Drempels voor het vragen van informele hulp

Wanneer er sprake is van (niet-alledaagse) zorgen of problemen met de kinderen of opvoeding blijkt er bij ongeveer een derde van de ouders terughoudendheid te zijn om het eigen netwerk aan te spreken. Verschillende factoren kunnen belemmeren dat ouders informele hulp zoeken bij problemen. Veel ouders willen problemen graag zoveel mogelijk zelf oplossen, zien de opvoeding als een privékwestie of willen liever professionele hulp. Steun is ook niet ‘gratis’, opvattingen over wederkerigheid en het niet kunnen leveren van een wederdienst kunnen ouders belemmeren hulp te vragen. Ook spelen hoge verwachtingen ten aanzien van een ideale opvoeding en ‘het perfecte kind’ – zowel vanuit de omgeving als vanuit de ouders zelf – mee waardoor problemen gezien kunnen worden als falen. Hoge verwachtingen kunnen ouders onzeker maken en terughoudend in het zoeken van informele hulp. Deze belemmeringen en ook handelingsverlegenheid van de omgeving kunnen vooral een rol spelen bij netwerkleden met wie men minder vertrouwd is, zoals buren. Het overwinnen van deze drempels vergt een cultuuromslag die veel tijd en inzet vragen van zowel ouders, medeburgers, professionals als de overheid.

Ouders in kwetsbare posities ontvangen minder vaak steun van hun netwerk

Niet alle ouders krijgen evenveel hulp. Zo ontvangen moeders vaker hulp dan vaders. Verder krijgen ouders met een lagere opleiding, lager inkomen en alleenstaande ouders minder vaak steun binnen hun eigen netwerk dan ouders met een hogere opleiding, hoger inkomen en een partner. Dat terwijl het gemis van een partner en een laag inkomen stress-bevorderende omstandigheden zijn die de behoefte aan hulp bij het ouderschap kunnen vergroten. Daarnaast ontvangen ouders van kinderen van 12 jaar en ouder minder vaak informele en vanzelfsprekende formele hulp dan ouders van jongere kinderen. De behoefte aan steun van ouders van oudere kinderen is echter niet minder groot: zij blijken zich juist vaker zorgen te maken.

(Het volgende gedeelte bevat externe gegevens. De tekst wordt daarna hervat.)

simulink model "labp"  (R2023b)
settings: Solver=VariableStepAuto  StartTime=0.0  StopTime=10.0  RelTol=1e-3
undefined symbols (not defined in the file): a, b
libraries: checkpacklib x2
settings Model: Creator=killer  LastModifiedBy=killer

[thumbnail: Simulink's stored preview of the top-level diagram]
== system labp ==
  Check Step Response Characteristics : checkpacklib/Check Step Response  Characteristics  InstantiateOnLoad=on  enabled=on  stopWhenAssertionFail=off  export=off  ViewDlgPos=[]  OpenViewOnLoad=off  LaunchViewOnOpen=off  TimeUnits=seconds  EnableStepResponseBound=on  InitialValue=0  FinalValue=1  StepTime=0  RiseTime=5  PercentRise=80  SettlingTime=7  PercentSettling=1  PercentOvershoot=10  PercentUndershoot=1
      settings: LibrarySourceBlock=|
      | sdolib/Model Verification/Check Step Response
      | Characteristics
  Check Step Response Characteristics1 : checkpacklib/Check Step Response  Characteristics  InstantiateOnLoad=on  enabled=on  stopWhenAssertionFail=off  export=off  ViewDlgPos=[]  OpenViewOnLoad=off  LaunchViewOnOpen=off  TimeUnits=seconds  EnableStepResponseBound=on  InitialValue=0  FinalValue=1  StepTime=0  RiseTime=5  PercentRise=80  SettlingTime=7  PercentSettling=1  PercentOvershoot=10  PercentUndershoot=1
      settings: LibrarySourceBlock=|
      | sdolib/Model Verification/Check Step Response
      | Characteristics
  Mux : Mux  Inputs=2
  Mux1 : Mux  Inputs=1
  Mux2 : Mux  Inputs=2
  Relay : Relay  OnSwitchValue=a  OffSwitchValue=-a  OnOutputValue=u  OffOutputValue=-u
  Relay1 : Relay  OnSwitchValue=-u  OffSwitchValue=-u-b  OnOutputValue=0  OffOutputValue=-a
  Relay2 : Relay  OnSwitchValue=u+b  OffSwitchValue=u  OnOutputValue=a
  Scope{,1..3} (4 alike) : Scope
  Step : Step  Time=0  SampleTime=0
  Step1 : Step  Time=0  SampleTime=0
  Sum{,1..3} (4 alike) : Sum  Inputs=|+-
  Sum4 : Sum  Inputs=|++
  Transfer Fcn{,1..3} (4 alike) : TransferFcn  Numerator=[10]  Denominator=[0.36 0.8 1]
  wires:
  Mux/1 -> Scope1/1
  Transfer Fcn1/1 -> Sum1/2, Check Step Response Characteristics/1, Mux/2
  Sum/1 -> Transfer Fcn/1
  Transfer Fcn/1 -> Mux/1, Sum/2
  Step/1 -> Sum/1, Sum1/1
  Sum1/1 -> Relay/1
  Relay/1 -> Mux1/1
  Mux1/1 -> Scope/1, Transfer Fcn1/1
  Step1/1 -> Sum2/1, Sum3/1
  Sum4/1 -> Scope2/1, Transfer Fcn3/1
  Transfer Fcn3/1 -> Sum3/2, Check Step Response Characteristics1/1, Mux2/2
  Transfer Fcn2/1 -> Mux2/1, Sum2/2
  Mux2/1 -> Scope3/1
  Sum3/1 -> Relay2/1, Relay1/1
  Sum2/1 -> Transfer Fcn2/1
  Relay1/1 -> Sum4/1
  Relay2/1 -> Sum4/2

Hulp uit eigen kring en hulp van professionals vullen elkaar aan

Het doel van de overheid is dat hulp vanuit het informele en vanzelfsprekende formele netwerk niet-vanzelfsprekende formele hulp (zoals jeugdhulp) kan voorkomen. Dit SCP-onderzoek laat zien dat de hulp uit het ene circuit de hulp uit het andere circuit niet zomaar kan vervangen. Elk type netwerk heeft een eigen functie. Terwijl het niet-vanzelfsprekende formele netwerk specialistisch advies biedt, geeft het informele netwerk bijvoorbeeld praktische hulp bij de dagelijkse logistiek of emotionele steun bij het omgaan met problemen.

Tijdens de coronacrisis
Het onderzoek vond plaats voor de coronacrisis. Verwacht kan worden dat de behoefte aan hulp van ouders groter is in coronatijd door meer zorgen over bijvoorbeeld de gezondheid en werkstress terwijl de beschikbaarheid van steun door de regels van social distancing lager zal zijn. Recent ander onderzoek doet inderdaad vermoeden dat het gezinsleven door de coronamaatregelen flink onder druk is komen staan en dat ouders minder steun van zowel informele als formele netwerken ervaren.